Required action -
For the entries below, say how many lines include the word "about" and add nothing else.

Excerpted data -
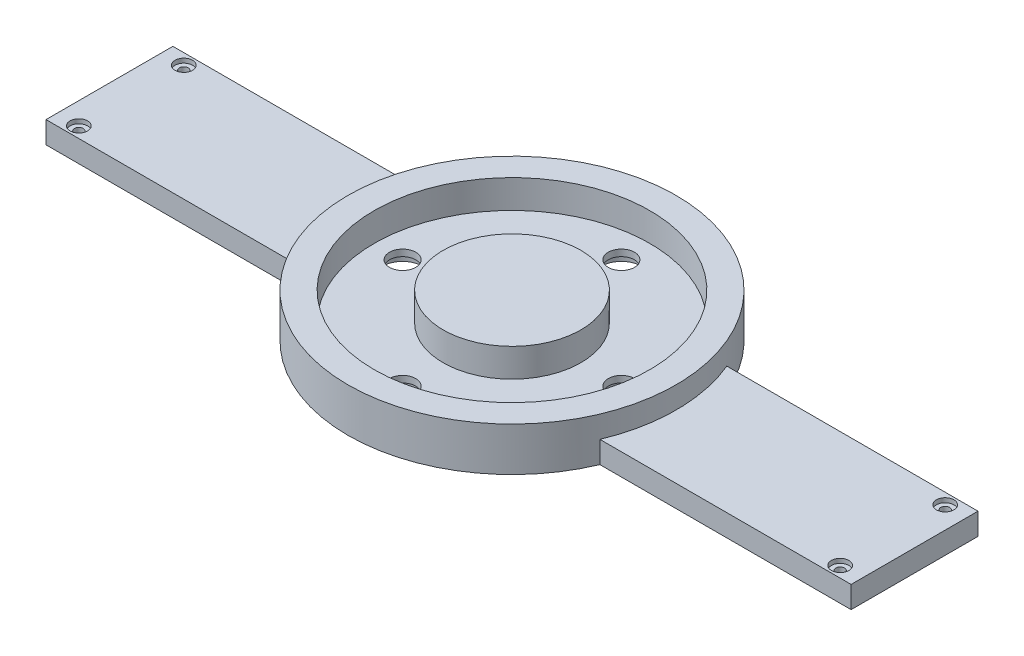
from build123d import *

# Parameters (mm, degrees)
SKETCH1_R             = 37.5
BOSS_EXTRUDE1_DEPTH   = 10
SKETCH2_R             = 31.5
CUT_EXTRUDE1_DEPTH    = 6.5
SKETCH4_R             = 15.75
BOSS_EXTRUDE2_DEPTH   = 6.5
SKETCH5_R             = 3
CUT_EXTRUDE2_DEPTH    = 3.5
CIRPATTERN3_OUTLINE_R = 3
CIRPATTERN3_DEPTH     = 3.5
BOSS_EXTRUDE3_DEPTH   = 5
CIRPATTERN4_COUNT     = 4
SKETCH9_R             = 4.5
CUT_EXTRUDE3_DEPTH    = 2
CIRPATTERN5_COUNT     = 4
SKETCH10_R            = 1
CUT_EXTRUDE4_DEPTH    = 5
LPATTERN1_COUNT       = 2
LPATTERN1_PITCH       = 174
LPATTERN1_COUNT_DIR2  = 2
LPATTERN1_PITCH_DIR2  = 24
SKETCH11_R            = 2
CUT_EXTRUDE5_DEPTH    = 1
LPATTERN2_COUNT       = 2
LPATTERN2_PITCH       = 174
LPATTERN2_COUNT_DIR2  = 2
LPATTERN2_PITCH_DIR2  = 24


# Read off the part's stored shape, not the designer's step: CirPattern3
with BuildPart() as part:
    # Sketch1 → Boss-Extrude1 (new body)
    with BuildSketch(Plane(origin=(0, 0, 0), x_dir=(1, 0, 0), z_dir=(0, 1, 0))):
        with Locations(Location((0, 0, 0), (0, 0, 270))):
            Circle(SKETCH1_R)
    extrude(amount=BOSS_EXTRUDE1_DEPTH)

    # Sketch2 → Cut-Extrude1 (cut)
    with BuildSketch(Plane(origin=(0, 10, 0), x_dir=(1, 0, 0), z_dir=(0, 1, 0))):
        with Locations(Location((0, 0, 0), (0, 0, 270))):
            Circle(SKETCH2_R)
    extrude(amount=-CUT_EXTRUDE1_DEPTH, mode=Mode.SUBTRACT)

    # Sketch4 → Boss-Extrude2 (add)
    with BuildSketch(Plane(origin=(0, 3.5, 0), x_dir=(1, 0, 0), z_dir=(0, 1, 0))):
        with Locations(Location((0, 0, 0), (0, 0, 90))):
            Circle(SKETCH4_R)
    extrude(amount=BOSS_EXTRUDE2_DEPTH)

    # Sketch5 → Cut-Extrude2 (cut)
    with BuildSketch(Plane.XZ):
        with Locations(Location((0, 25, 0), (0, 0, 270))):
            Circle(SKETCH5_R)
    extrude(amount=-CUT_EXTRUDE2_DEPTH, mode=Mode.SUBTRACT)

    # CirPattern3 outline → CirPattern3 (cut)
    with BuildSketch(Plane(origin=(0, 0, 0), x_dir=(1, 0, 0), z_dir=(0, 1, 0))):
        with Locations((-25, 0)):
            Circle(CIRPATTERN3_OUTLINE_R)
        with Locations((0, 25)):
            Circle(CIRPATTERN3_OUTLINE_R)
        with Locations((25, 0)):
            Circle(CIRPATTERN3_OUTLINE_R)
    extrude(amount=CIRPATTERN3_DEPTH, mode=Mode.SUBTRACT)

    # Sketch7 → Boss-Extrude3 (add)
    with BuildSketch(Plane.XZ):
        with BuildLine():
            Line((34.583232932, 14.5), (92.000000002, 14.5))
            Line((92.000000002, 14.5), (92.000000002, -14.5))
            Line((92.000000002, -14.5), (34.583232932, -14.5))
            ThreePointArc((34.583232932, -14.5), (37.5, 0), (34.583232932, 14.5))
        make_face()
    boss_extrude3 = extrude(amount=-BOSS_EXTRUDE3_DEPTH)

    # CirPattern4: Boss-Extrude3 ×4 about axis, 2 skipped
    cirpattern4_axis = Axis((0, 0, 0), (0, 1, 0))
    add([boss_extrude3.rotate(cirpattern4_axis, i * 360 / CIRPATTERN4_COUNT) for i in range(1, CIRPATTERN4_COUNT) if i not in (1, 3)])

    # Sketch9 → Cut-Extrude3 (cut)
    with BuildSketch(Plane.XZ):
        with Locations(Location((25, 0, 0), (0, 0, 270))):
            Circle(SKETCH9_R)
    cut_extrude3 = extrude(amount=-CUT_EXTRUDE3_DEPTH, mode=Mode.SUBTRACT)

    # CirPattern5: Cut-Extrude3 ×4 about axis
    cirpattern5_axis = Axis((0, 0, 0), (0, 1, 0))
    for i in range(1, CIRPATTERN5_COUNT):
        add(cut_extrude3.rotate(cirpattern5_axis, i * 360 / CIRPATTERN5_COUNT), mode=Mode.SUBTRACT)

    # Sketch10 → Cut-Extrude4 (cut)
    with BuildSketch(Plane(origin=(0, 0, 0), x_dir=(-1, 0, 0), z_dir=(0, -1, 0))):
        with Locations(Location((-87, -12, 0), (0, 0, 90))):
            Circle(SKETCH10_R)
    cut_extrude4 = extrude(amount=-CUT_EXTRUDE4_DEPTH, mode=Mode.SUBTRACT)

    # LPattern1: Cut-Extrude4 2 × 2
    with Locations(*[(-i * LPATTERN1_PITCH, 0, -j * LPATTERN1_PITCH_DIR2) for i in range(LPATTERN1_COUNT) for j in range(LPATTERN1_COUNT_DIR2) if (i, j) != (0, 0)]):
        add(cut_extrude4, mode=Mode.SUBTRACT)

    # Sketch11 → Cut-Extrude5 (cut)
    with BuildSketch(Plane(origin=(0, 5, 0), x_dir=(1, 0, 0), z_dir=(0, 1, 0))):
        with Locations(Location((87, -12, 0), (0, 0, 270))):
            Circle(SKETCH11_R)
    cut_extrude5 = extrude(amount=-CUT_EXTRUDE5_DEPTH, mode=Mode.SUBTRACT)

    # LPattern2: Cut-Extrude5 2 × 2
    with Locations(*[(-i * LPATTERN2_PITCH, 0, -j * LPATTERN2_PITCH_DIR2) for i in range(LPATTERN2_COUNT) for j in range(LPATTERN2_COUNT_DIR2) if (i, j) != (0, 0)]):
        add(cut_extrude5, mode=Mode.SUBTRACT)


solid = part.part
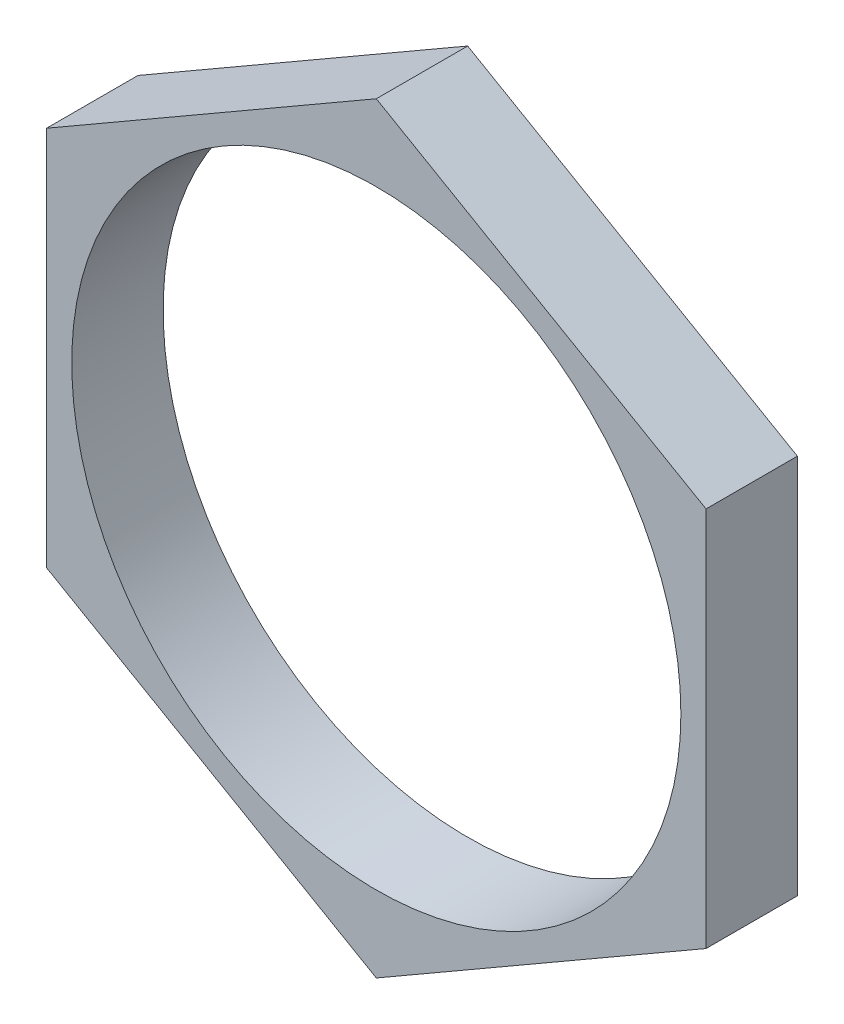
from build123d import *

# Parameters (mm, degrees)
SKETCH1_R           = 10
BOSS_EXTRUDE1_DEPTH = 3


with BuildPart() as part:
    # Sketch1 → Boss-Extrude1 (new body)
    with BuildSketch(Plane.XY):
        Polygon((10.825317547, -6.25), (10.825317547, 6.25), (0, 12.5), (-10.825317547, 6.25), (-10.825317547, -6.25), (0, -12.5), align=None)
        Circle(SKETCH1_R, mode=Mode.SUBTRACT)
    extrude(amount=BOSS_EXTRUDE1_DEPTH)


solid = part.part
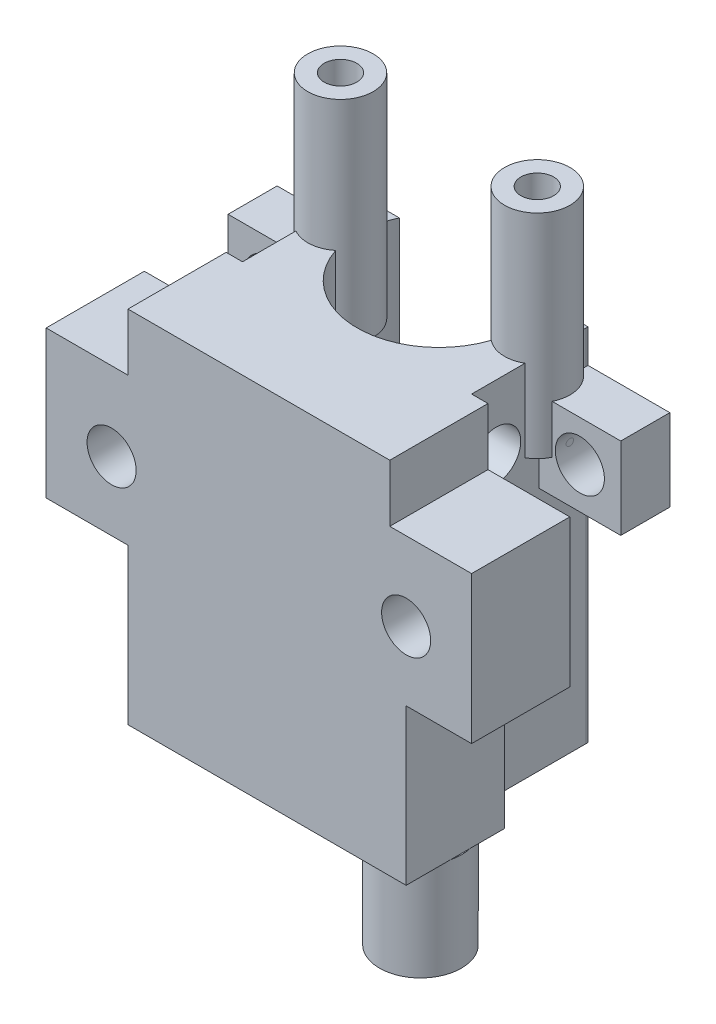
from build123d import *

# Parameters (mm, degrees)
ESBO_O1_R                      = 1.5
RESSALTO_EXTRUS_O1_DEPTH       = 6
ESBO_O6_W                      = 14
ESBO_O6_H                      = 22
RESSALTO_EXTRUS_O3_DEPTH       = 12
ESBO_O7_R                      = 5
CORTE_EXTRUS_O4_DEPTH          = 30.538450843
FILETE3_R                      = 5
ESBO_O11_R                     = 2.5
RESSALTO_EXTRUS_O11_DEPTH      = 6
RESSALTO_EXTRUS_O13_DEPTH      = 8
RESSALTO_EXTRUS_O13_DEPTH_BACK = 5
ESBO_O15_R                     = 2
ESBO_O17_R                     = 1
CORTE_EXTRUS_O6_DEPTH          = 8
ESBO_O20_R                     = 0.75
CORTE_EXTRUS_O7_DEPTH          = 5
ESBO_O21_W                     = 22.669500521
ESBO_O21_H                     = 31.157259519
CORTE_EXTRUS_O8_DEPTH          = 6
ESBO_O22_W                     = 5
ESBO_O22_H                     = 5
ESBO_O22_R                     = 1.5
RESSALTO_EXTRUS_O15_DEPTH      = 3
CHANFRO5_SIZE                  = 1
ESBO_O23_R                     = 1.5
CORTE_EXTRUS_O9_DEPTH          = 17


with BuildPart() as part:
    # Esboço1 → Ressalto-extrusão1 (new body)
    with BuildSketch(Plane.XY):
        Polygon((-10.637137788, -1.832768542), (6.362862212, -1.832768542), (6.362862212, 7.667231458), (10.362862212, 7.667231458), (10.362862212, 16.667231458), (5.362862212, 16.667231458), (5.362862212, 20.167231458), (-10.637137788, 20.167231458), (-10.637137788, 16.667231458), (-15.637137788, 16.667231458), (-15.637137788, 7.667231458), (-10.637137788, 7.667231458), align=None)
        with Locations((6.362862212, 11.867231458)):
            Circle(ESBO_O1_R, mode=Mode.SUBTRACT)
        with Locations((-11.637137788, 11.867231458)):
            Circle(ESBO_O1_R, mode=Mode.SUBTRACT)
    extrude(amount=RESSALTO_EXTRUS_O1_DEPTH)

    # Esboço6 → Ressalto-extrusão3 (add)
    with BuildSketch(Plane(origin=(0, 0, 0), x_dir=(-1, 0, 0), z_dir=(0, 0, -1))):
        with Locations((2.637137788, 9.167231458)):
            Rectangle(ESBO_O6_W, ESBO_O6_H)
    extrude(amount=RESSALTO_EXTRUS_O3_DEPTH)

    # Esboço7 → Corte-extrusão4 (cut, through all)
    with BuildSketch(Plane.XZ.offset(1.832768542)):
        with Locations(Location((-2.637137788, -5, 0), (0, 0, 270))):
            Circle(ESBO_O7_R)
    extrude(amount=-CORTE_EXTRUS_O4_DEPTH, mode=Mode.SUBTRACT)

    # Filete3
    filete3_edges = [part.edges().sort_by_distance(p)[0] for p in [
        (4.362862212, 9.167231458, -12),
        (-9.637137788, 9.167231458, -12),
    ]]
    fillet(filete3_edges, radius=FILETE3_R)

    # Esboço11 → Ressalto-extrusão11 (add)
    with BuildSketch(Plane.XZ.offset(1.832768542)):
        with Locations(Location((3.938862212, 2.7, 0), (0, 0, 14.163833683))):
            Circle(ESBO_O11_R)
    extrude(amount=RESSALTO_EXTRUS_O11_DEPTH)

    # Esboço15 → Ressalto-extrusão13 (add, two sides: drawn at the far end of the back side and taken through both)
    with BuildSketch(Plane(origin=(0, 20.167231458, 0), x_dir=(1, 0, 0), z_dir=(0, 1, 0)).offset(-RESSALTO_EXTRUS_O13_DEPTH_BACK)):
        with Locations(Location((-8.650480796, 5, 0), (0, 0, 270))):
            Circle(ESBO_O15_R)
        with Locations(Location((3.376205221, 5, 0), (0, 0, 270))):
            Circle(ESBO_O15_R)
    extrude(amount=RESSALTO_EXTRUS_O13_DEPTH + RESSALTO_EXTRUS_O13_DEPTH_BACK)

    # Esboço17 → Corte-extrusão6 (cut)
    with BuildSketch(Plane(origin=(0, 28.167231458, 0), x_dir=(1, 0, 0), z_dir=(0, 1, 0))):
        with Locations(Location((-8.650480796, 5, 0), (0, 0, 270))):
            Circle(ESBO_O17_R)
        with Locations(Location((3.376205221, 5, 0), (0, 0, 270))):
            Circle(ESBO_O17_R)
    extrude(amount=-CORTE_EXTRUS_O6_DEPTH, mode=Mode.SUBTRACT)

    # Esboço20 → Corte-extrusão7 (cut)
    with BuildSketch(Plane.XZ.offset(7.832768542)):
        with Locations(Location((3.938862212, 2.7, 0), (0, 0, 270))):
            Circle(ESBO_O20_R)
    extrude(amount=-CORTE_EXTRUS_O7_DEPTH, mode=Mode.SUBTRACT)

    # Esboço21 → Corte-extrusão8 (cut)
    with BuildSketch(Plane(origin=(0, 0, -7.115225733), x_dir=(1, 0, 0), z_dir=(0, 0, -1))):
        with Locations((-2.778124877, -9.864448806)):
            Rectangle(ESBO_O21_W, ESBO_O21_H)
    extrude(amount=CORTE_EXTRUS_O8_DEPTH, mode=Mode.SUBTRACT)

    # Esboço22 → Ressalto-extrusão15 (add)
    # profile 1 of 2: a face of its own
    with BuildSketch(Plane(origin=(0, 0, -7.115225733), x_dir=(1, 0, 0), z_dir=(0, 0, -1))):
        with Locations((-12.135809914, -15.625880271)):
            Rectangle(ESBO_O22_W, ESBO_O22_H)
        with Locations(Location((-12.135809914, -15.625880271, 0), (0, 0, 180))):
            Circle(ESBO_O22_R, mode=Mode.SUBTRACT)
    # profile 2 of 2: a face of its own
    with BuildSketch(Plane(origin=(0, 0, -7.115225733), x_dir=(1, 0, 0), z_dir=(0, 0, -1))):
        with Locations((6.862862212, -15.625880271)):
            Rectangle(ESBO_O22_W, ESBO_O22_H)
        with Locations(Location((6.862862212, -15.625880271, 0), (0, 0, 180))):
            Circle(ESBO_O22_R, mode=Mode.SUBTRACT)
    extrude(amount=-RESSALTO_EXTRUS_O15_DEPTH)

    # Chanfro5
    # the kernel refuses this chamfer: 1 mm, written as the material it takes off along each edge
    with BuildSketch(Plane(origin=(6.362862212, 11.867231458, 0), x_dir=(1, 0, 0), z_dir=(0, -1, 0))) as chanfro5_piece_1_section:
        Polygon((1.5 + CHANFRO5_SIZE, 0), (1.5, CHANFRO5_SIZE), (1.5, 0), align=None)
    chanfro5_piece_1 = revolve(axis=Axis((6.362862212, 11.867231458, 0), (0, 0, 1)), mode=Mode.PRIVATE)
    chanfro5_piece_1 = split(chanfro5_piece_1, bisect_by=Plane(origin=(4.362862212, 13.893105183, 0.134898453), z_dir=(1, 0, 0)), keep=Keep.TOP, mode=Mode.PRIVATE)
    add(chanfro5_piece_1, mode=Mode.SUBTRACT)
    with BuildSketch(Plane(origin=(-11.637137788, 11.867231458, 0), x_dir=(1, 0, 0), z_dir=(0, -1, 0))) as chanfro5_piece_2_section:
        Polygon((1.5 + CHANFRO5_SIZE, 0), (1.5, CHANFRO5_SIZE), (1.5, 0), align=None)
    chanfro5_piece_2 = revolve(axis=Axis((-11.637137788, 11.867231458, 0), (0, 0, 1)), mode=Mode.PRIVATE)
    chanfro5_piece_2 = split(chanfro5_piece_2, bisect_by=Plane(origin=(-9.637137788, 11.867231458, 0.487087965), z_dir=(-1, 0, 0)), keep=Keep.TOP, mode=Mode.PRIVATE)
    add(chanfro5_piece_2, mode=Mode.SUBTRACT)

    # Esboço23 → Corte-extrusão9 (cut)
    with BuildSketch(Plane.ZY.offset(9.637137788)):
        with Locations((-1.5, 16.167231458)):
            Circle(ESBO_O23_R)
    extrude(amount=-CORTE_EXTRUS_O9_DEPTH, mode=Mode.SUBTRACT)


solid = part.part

Reply -
2